Liu Anjun ist ein einfacher Mann. Er ist selbst schwerbehindert, aber er engagiert sich für die Ärmsten seines Landes, seit er erlebt hat, wie die chinesischen Behörden willkürlich Häuser niederreißen und jeden verprügeln, der sich ihnen in den Weg stellt. „Sind das noch Menschen?“ fragt er – und erzählt von einer alten Frau, der man mit der Faust ins Gesicht geschlagen hat. Ihm selbst zerbricht man die Krücken und verschleppt ihn ohne Haftbefehl in die Berge. Er tritt in den Hungerstreik. Nach einem Martyrium von 44 Tagen läßt man ihn wieder frei. Es ist die bisher letzte von vielen Schikanen gegen ihn, darunter ist auch ein längerer Gefängnisaufenthalt. Seine Geschichte kann man in der heutigen Ausgabe der F.A.Z. nachlesen, ich empfehle sie besonders Martin Roth und den anderen Museumsdirektoren, die so gern mit chinesischen Funktionären Maotai-Schnaps trinken.
In China herrschen Anarchie und Rechtlosigkeit. Die korrupten Behörden bedienen sich offenbar in großem Umfang krimineller Banden, und diese behördlich angestellten Knochenbrecher (bei Marx heißt das „Lumpenproletariat“) verprügeln bereitwillig jeden, der bei den profitablen Geschäften der korrupten Beamten stört.
Zur gleichen Zeit geht China mit immer größerer Brutalität gegen die buddhistischen Klöster vor. Im Kloster Kirti in Sechuan hatte sich vor einem Monat ein Mönch aus Protest gegen die chinesische Tibet-Politik verbrannt. Die Reaktion kam schnell: ein Teil der Mönche wurde geschlagen, mit Hunden gejagt und zur „Umerziehung“ verschleppt. Dann hat man das ganze Kloster mit Stacheldraht eingezäunt und keine Lebensmittel mehr hineingelassen.

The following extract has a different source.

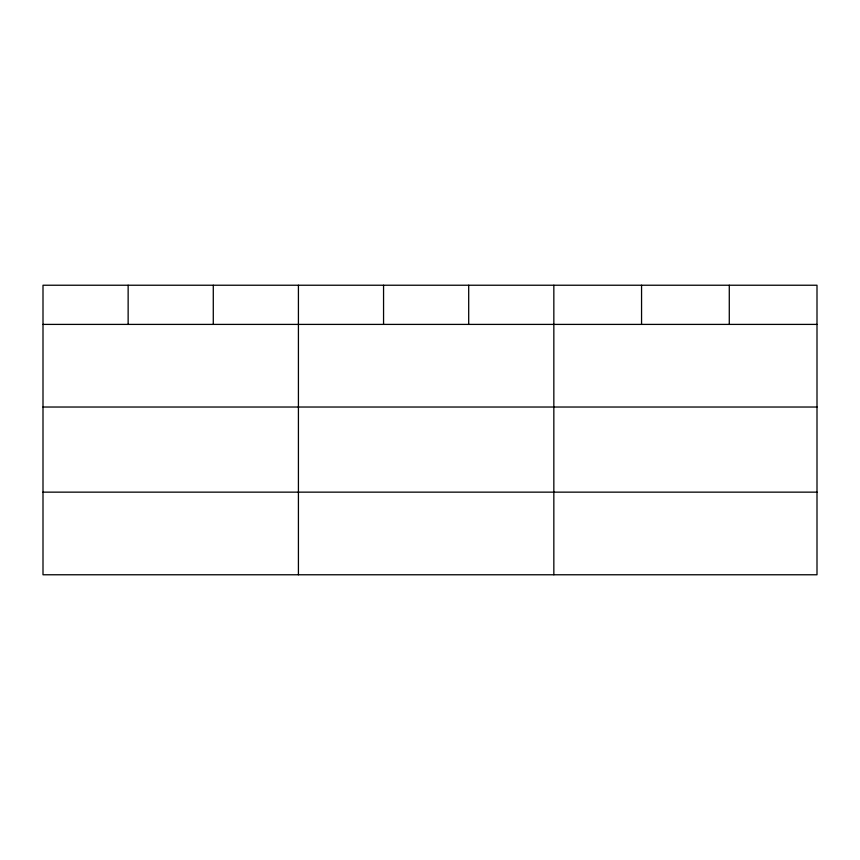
<?xml version="1.0" encoding="UTF-8"?>
<svg xmlns="http://www.w3.org/2000/svg" width="860" height="860" viewBox="0 0 860 860"><rect width="100%" height="100%" fill="white"/><g stroke="black" fill="none" stroke-linecap="round" stroke-linejoin="round"><path stroke-width="1.29" d="M817 407.027L817 285.23L43 285.23L43 574.77L817 574.77L817 407.027L43 407.027M43 324.403L817 324.403M43 492.146L817 492.146M729.28 285.23L729.28 324.403M641.56 285.23L641.56 324.403M553.84 285.23L553.84 574.77M468.7 285.23L468.7 324.403M383.56 285.23L383.56 324.403M298.42 285.23L298.42 574.77M213.28 285.23L213.28 324.403M128.14 285.23L128.14 324.403"/></g></svg>

Es mag sein, daß die chinesische Führung das für Stärke hält, aber in Wirklichkeit zeigt sie damit nur ihre Schwäche, ihre Armseligkeit. Jedes freie Wort macht ihr Angst, von jedem mutigen Menschen fühlt sie sich bedroht. Da wird noch einiges auf sie zukommen.
Einst wollte Gott, so steht es in der Bibel, die sündhafte Stadt Sodom vernichten – aber wenn nur zehn Gerechte unter ihren Bewohnern seien, wollte er die Stadt verschonen.
In China leben viel mehr als zehn Gerechte. Überall im Land gibt es aufrechte Männer und Frauen wie Liu Anjun, die keine Angst mehr haben vor der nackten Gewalt. Sie wehren sich gegen das Unrecht, auch wenn man sie verprügelt, einkerkert und damit zunichtemachen will.
Man wird ihrer noch gedenken, wenn man die Namen ihrer Peiniger schon lange vergessen hat. Ihnen gehört die Zukunft.